Larry Cuban on School Reform and Classroom Practice: Recycling Poverty, Segregated Schools, and Academic Achievement: Then and Now
A recent spate of reports and books linking family poverty, segregated schools, and academic achievement (see here, here, and here) have concluded that school improvement (insofar as test scores are the measure) has hit a wall. Over the past decade, test scores have plateaued in reading and math or even fallen (see here and here). After thirty years of reform after reform, achievement gaps between high- and low-income schools run to four or more grade levels between schools within and across districts (see here and here) How come?
Researchers have pointed out for decades that the largest influence on school achievement (as measured by test scores), has been family socioeconomic status. No surprise now with the release of new data on test scores that the same findings about poverty and segregation shape student achievement. Such findings have been around since the massive Coleman Report (1966) and have appeared regularly every decade since. With such findings appearing again and again, the question asked a half-century ago is the same questions now: Can schools make a difference when socioeconomic conditions (e.g., poverty) clearly play a large role in determining academic achievement?
Those who say “yes,” then and now, have urged upon elected decision-makers different reform policies from better teachers and teaching, more parental choice in schools, higher standards, more testing, accountability, new technologies in schools, and larger investments in education. “No excuses” school leaders, acknowledge that poverty exists but “good” schools can overcome zip codes.
Those who say “no,” then and now, have pointed out consistently meager outcomes in academic achievement and constancy in test score gaps between minorities and whites. These naysayers have urged those very same decision-makers to improve schools but politically work on reducing poverty in the U.S. (see here) because of the powerful effects of family background on student academic outcomes. The back-and-forth between reformers who see successful schools as the solvent for poverty and their critics who see family and neighborhood poverty as factors that cannot be washed away by the solvent of schooling. That debate has been reignited in 2016 by recent reports documenting gaps in achievement and few test score gains.
Here’s the rub, however. Much has been written (again by researchers) that policymakers seldom use social science research to make decisions. Instead, they define crises that must be solved and use research to support solutions they have already decided (see here, here, and here). Research studies are dragged in to bolster agreed-upon policy directions. At best, then, these research findings get smuggled into the debate after a new policy has been decided. Making policy, then and now, has been far more about political will, mobilizing coalitions to back solutions, and the power to decide what should be done to end the crisis than leaning on rigorous research findings. Educational policy, then, is politics writ small.
Consider what happened to the Coleman Report (1966)–mandated by the Civil Rights Act of 1964. James Coleman, a highly respected sociologist and his team surveyed pupil expenditures, quality of facilities and teacher certification because federal officials then were sure that low student achievement, especially in urban minority and poor districts was due to inequitable allocation of resources.

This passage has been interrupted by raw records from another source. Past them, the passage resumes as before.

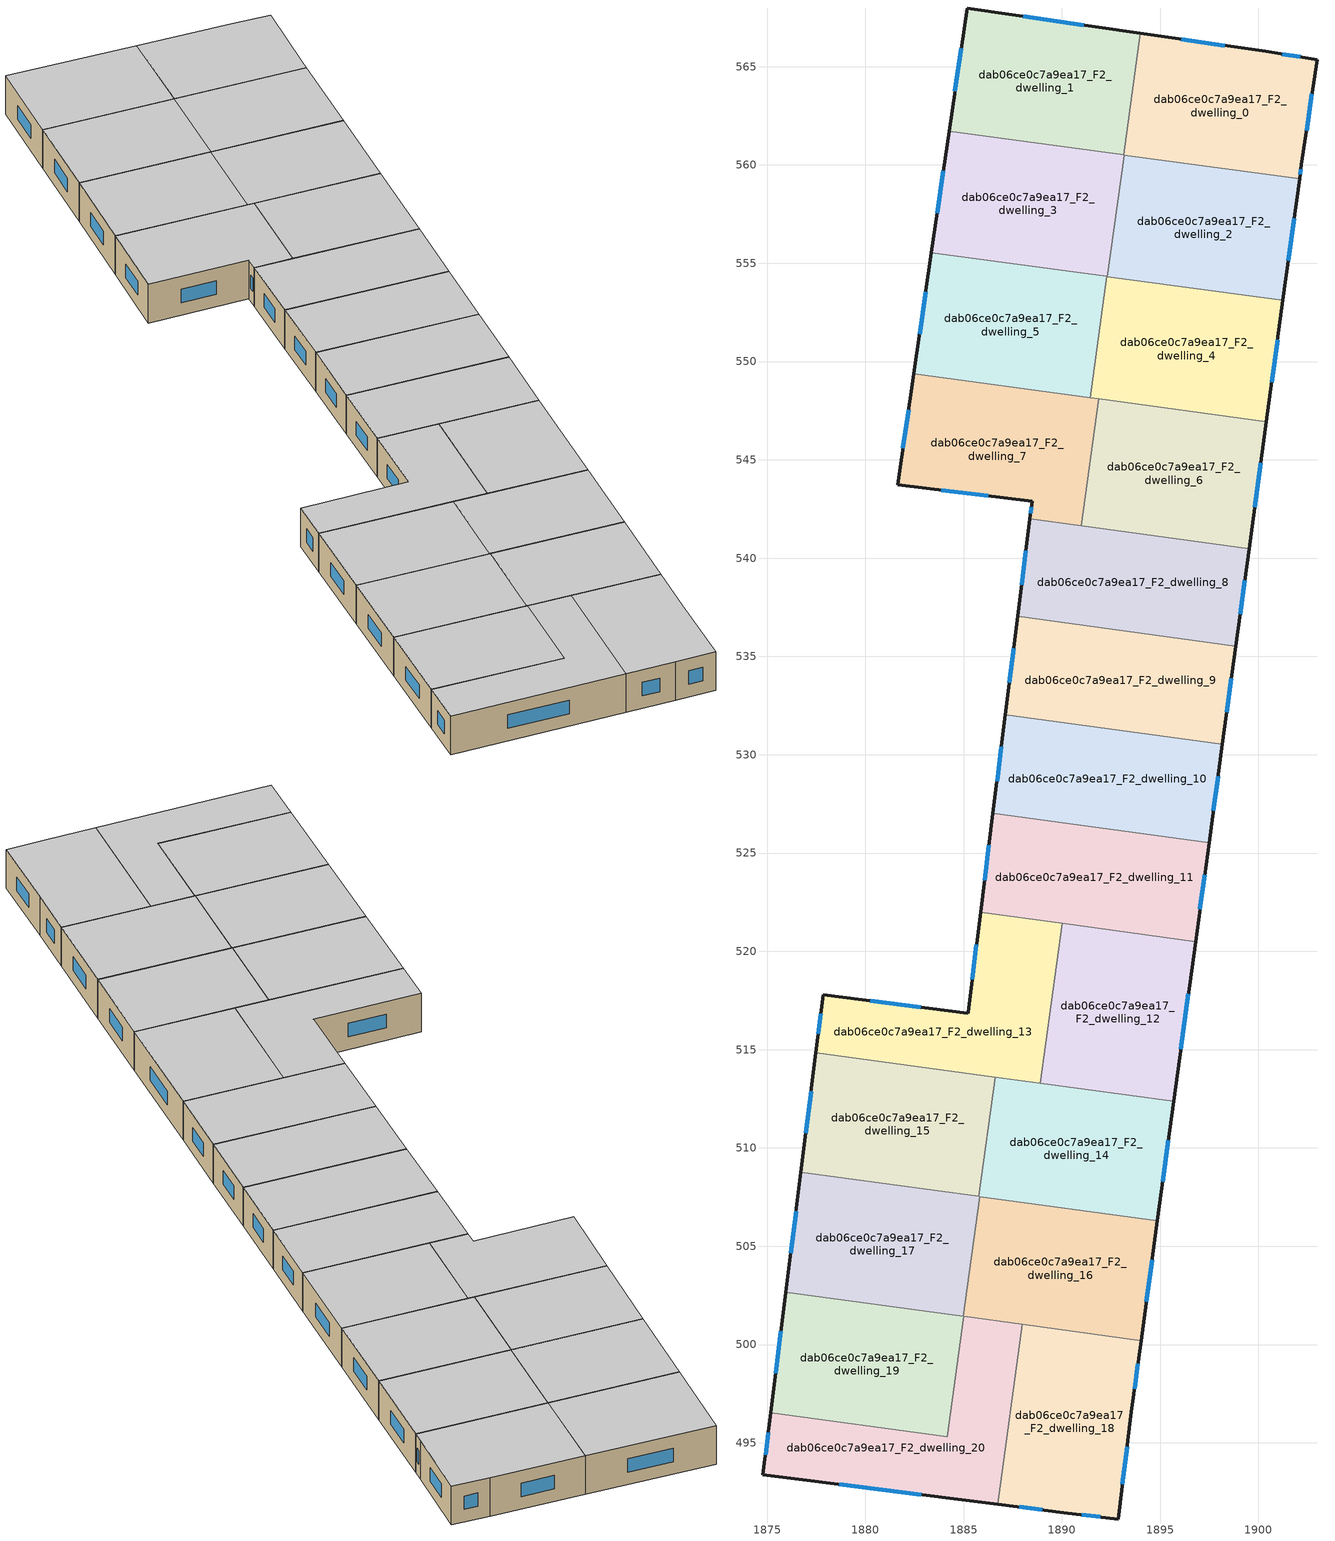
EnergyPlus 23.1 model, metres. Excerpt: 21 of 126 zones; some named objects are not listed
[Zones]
dab06ce0c7a9ea17_F2_dwelling_0
 floor to dab06ce0c7a9ea17_F1_dwelling_0 (EU_floor_Construction): 1902.98,565.36 1902.19,560 1902.09,559.29 1893.14,560.51 1893.99,566.7 1900.37,565.77 z6
 wall outside (EU_wall_Construction): 1902.09,559.29 1902.19,560 1902.98,565.36 1900.37,565.77 1893.99,566.7 z6:9
 wall to dab06ce0c7a9ea17_F2_dwelling_1 (EU_wall_Construction): 1893.99,566.7 1893.14,560.51 z6:9
 wall to dab06ce0c7a9ea17_F2_dwelling_2 (EU_wall_Construction): 1893.16,560.5 1902.09,559.29 z6:9
 wall to dab06ce0c7a9ea17_F2_dwelling_3 (EU_wall_Construction): 1893.14,560.51 1893.16,560.5 z6:9
 window (EU_Window_Construction): 1898.29,566.07 1896.06,566.4 / 1902.13,565.5 1901.21,565.64 / 1902.44,561.75 1902.72,563.62 / 1902.12,559.52 1902.15,559.77 z6.98:8.02
 ceiling to dab06ce0c7a9ea17_F3_dwelling_0 (EU_floor_Construction): 1902.09,559.29 1902.19,560 1902.98,565.36 1900.37,565.77 1893.99,566.7 1893.14,560.51 z9
dab06ce0c7a9ea17_F2_dwelling_1
 floor to dab06ce0c7a9ea17_F1_dwelling_1 (EU_floor_Construction): 1893.99,566.7 1893.14,560.51 1884.26,561.72 1885.18,567.98 z6
 wall outside (EU_wall_Construction): 1893.99,566.7 1885.18,567.98 1884.26,561.72 z6:9
 wall to dab06ce0c7a9ea17_F2_dwelling_3 (EU_wall_Construction): 1884.26,561.72 1893.14,560.51 z6:9
 window (EU_Window_Construction): 1891.12,567.12 1888.04,567.57 / 1884.88,565.94 1884.56,563.75 z6.98:8.02
 ceiling to dab06ce0c7a9ea17_F3_dwelling_1 (EU_floor_Construction): 1893.14,560.51 1893.99,566.7 1885.18,567.98 1884.26,561.72 z9
dab06ce0c7a9ea17_F2_dwelling_10
 floor to dab06ce0c7a9ea17_F1_dwelling_10 (EU_floor_Construction): 1898.17,530.54 1897.48,525.53 1886.49,527.03 1887.12,532.04 z6
 wall outside (EU_wall_Construction): 1887.12,532.04 1886.49,527.03 / 1897.48,525.53 1898.17,530.54 z6:9
 wall to dab06ce0c7a9ea17_F2_dwelling_11 (EU_wall_Construction): 1886.49,527.03 1897.48,525.53 z6:9
 wall to dab06ce0c7a9ea17_F2_dwelling_9 (EU_wall_Construction): 1898.17,530.54 1887.12,532.04 z6:9
 window (EU_Window_Construction): 1886.92,530.41 1886.7,528.66 / 1897.71,527.16 1897.94,528.91 z6.98:8.02
 ceiling to dab06ce0c7a9ea17_F3_dwelling_10 (EU_floor_Construction): 1897.48,525.53 1898.17,530.54 1887.12,532.04 1886.49,527.03 z9
dab06ce0c7a9ea17_F2_dwelling_11
 floor to dab06ce0c7a9ea17_F1_dwelling_11 (EU_floor_Construction): 1897.48,525.53 1896.8,520.5 1885.86,521.99 1886.49,527.03 z6
 wall outside (EU_wall_Construction): 1886.49,527.03 1885.86,521.99 / 1896.8,520.5 1897.48,525.53 z6:9
 wall to dab06ce0c7a9ea17_F2_dwelling_12 (EU_wall_Construction): 1890.01,521.42 1896.8,520.5 z6:9
 wall to dab06ce0c7a9ea17_F2_dwelling_13 (EU_wall_Construction): 1885.86,521.99 1890.01,521.42 z6:9
 window (EU_Window_Construction): 1886.29,525.39 1886.07,523.63 / 1897.02,522.13 1897.26,523.89 z6.98:8.02
 ceiling to dab06ce0c7a9ea17_F3_dwelling_11 (EU_floor_Construction): 1896.8,520.5 1897.48,525.53 1886.49,527.03 1885.86,521.99 z9
dab06ce0c7a9ea17_F2_dwelling_12
 floor to dab06ce0c7a9ea17_F1_dwelling_12 (EU_floor_Construction): 1896.8,520.5 1895.69,512.37 1888.9,513.29 1890.01,521.42 z6
 wall outside (EU_wall_Construction): 1895.69,512.37 1896.8,520.5 z6:9
 wall to dab06ce0c7a9ea17_F2_dwelling_13 (EU_wall_Construction): 1890.01,521.42 1888.9,513.29 z6:9
 wall to dab06ce0c7a9ea17_F2_dwelling_14 (EU_wall_Construction): 1888.9,513.29 1895.69,512.37 z6:9
 window (EU_Window_Construction): 1896.05,515.01 1896.44,517.85 z6.98:8.02
 ceiling to dab06ce0c7a9ea17_F3_dwelling_12 (EU_floor_Construction): 1895.69,512.37 1896.8,520.5 1890.01,521.42 1888.9,513.29 z9
dab06ce0c7a9ea17_F2_dwelling_13
 floor to dab06ce0c7a9ea17_F1_dwelling_13 (EU_floor_Construction): 1890.01,521.42 1888.9,513.29 1877.49,514.85 1877.86,517.78 1885.22,516.85 1885.22,516.92 1885.86,521.99 z6
 wall outside (EU_wall_Construction): 1885.86,521.99 1885.22,516.92 1885.22,516.85 1877.86,517.78 1877.49,514.85 z6:9
 wall to dab06ce0c7a9ea17_F2_dwelling_15 (EU_wall_Construction): 1877.49,514.85 1886.61,513.61 z6:9
 wall to dab06ce0c7a9ea17_F2_dwelling_14 (EU_wall_Construction): 1886.6,513.61 1888.9,513.29 z6:9
 window (EU_Window_Construction): 1877.74,516.83 1877.61,515.8 / 1882.82,517.16 1880.25,517.48 / 1885.65,520.34 1885.43,518.57 z6.98:8.02
 ceiling to dab06ce0c7a9ea17_F3_dwelling_13 (EU_floor_Construction): 1888.9,513.29 1890.01,521.42 1885.86,521.99 1885.22,516.92 1885.22,516.85 1877.86,517.78 1877.49,514.85 z9
dab06ce0c7a9ea17_F2_dwelling_14
 floor to dab06ce0c7a9ea17_F1_dwelling_14 (EU_floor_Construction): 1895.69,512.37 1894.86,506.29 1885.78,507.53 1886.6,513.61 z6
 wall outside (EU_wall_Construction): 1894.86,506.29 1895.69,512.37 z6:9
 wall to dab06ce0c7a9ea17_F2_dwelling_15 (EU_wall_Construction): 1886.6,513.61 1885.78,507.53 z6:9
 wall to dab06ce0c7a9ea17_F2_dwelling_16 (EU_wall_Construction): 1885.81,507.53 1894.86,506.29 z6:9
 wall to dab06ce0c7a9ea17_F2_dwelling_17 (EU_wall_Construction): 1885.78,507.53 1885.81,507.53 z6:9
 window (EU_Window_Construction): 1895.13,508.27 1895.42,510.39 z6.98:8.02
 ceiling to dab06ce0c7a9ea17_F3_dwelling_14 (EU_floor_Construction): 1894.86,506.29 1895.69,512.37 1886.6,513.61 1885.78,507.53 z9
dab06ce0c7a9ea17_F2_dwelling_15
 floor to dab06ce0c7a9ea17_F1_dwelling_15 (EU_floor_Construction): 1886.6,513.61 1885.78,507.53 1876.73,508.77 1877.49,514.85 z6
 wall outside (EU_wall_Construction): 1877.49,514.85 1876.73,508.77 z6:9
 wall to dab06ce0c7a9ea17_F2_dwelling_17 (EU_wall_Construction): 1876.73,508.77 1885.78,507.53 z6:9
 window (EU_Window_Construction): 1877.24,512.87 1876.97,510.74 z6.98:8.02
 ceiling to dab06ce0c7a9ea17_F3_dwelling_15 (EU_floor_Construction): 1885.78,507.53 1886.6,513.61 1877.49,514.85 1876.73,508.77 z9
dab06ce0c7a9ea17_F2_dwelling_16
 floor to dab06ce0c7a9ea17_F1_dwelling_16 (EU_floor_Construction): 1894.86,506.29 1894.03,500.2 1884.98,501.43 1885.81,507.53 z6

Instead, the Coleman Report showed a weak correlation between resources and achievement but a strong association between family background and student test scores.
When government officials saw results that challenged their assumptions about the “problem” of low achievement, they kept these findings under wraps for months until the results leaked out (see here). These results gave plenty of ammunition to critics of the “War on Poverty,” the Elementary and Secondary Education Act (1965), and federal agencies pushing for more desegregation in the nation’s school districts. All of these initiatives had the political muscle of President Lyndon Johnson behind them. Educational policy and political will were joined at the hip then.
The Coleman Report’s controversial findings, however, gave a shot of adrenalin to opponents of these new policies and ventures in the early 1970s, particularly the huge increases in federal spending to end poverty and improve schools. Opponents of desegregating residential communities in order to have blacks and whites attend school together found sustenance in these results also (see here). Schools remained a battleground in these years as the “War on Poverty” became a historical footnote.
So these current policy research findings, either supporting those who say “yes” or those who say “no” to the question of schools making a difference even amid strong socioeconomic influences, like similar studies in the past will revive the same old question that has divided the nation for the past half-century. But the research findings will not answer the question.
Results from 2016 studies such as Stanford University Professor Sean Reardon’s may recapture the argument used by earlier policymakers that investing more money in school improvement might be a fool’s errand, given the results from earlier reforms. Rebuttals to this line of argument come from social scientists who urge expanded investment in pre-Kindergarten, and those, like Reardon and other researchers who point to the tiny fraction of high poverty, segregated schools that somehow perform beyond what researchers would have ordinarily predicted. Ditto for charter school proponents and advocates of “no excuses” schools who point to the high graduation rates, college admissions, and yes, high test scores that they have racked up and, according to their advocates, deserve more money and political support.
What’s missing now in 2016 from this brew of research, policy solutions, and advocacy, however, is what was present a half-century ago, a muscular political coalition, a sizable group of elected policymakers with the will to provide a popularly supported response to this conundrum that has divided this nation for decades over the role of schooling in a capitalist democracy.